:: What to produce ::
Report each line of the entries below that includes "matlab".

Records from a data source

┌──

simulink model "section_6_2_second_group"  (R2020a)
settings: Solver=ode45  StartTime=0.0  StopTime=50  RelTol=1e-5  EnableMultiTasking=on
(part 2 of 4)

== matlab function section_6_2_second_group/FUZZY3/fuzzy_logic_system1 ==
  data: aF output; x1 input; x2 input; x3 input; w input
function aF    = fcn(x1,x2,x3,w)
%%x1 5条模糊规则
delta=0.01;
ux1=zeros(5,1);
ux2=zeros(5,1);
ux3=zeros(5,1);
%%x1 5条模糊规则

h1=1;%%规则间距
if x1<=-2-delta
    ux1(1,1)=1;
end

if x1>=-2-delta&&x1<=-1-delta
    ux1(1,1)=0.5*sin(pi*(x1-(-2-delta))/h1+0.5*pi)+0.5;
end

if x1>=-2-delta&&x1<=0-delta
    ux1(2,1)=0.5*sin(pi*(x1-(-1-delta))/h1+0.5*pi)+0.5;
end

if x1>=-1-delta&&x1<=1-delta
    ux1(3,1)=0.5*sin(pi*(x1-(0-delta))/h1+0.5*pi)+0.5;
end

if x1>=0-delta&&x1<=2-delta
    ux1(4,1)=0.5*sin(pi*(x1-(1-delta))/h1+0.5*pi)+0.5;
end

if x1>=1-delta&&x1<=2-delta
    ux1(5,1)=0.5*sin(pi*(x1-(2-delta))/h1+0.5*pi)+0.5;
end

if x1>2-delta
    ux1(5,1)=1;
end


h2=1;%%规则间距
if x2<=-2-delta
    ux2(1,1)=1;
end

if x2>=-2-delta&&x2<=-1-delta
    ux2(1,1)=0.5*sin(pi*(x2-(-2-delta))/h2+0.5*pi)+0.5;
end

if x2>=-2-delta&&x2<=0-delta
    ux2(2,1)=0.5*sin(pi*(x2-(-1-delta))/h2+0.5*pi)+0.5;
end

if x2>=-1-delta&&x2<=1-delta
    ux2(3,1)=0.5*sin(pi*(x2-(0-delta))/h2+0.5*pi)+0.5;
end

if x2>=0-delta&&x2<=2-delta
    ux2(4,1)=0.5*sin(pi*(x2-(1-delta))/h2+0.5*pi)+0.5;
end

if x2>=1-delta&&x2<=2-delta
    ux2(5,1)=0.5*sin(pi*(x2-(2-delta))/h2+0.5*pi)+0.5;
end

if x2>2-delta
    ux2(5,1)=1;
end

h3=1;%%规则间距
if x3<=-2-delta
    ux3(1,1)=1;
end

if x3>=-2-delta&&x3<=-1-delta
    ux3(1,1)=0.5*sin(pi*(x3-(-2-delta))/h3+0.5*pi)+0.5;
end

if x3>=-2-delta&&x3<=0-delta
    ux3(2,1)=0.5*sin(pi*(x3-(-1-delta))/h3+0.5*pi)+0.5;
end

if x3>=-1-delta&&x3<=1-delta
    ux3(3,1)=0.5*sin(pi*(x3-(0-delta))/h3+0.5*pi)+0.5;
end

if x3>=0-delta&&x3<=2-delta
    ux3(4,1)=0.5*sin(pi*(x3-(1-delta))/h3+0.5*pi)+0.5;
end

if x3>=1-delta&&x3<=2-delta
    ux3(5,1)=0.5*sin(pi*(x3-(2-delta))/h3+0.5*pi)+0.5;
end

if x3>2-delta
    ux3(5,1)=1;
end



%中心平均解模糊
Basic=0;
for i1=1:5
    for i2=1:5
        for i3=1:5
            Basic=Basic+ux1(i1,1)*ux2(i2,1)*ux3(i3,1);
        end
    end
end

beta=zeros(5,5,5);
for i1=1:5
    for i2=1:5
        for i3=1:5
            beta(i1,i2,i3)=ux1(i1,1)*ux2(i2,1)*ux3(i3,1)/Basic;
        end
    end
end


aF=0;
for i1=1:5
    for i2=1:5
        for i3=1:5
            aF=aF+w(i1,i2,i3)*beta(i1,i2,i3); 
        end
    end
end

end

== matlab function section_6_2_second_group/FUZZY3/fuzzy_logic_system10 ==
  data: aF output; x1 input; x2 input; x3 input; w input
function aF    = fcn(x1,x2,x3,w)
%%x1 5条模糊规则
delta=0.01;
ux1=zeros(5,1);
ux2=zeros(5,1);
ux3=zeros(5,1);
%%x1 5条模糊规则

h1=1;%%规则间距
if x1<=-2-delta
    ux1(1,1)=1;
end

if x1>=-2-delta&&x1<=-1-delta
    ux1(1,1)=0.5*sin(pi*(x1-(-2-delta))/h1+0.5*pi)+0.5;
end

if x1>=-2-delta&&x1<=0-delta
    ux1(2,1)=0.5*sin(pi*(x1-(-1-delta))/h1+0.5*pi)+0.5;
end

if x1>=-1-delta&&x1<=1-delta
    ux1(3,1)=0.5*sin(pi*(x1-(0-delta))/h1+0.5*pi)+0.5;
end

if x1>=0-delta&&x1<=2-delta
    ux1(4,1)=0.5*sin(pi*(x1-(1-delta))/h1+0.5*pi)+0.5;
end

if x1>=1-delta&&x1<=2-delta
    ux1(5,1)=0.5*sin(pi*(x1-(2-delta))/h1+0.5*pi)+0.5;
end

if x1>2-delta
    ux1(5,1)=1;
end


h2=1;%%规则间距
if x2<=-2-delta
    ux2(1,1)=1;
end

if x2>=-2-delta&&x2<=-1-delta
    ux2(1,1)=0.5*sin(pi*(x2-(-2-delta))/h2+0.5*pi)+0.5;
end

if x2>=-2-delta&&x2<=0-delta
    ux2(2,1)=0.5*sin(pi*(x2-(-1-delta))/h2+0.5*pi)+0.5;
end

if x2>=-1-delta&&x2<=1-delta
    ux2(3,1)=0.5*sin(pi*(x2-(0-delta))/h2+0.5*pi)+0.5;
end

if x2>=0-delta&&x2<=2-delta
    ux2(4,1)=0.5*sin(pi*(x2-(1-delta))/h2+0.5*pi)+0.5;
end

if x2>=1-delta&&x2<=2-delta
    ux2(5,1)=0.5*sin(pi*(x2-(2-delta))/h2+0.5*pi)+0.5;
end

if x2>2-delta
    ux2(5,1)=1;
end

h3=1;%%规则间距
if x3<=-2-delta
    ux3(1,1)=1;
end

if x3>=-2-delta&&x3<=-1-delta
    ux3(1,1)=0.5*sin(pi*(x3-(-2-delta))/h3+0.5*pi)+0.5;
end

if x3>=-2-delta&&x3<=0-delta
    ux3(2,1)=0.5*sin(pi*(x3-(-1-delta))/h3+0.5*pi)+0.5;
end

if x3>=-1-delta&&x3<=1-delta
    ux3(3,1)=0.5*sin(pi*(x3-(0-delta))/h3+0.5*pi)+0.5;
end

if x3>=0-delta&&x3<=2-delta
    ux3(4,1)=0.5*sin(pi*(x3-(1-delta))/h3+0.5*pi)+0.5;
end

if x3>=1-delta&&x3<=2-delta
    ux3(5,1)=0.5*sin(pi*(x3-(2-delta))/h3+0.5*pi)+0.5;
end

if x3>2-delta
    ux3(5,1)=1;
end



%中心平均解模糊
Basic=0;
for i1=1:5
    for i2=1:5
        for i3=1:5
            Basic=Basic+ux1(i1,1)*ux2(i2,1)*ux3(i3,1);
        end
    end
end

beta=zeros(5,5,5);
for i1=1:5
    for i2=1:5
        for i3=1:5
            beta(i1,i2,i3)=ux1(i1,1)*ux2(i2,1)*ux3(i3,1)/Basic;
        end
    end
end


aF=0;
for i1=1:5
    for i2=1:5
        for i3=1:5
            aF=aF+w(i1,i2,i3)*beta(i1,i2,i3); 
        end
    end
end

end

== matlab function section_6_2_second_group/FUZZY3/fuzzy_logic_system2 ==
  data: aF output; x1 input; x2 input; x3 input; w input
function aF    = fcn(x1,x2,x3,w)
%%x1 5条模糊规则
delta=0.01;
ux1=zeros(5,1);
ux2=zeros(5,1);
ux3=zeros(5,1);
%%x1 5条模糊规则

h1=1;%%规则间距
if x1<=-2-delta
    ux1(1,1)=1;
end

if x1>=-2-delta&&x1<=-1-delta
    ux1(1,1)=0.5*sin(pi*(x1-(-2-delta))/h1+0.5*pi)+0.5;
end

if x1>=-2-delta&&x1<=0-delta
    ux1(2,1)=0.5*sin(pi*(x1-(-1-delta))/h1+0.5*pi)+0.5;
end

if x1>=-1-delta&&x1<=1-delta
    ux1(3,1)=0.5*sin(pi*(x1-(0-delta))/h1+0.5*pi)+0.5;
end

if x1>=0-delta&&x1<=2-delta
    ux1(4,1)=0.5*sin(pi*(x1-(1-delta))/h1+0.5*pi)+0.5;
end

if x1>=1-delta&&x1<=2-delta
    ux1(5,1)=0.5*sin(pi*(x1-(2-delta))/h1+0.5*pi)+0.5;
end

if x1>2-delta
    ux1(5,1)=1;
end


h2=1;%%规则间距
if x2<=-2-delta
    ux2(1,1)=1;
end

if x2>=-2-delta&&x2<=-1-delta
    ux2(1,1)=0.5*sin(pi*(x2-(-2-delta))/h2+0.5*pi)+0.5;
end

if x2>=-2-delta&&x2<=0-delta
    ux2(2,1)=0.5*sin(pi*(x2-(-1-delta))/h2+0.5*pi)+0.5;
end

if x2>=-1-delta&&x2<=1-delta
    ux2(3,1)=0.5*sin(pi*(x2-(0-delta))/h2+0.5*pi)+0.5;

└──

:: Task response ::
== matlab function section_6_2_second_group/FUZZY3/fuzzy_logic_system1 ==
== matlab function section_6_2_second_group/FUZZY3/fuzzy_logic_system10 ==
== matlab function section_6_2_second_group/FUZZY3/fuzzy_logic_system2 ==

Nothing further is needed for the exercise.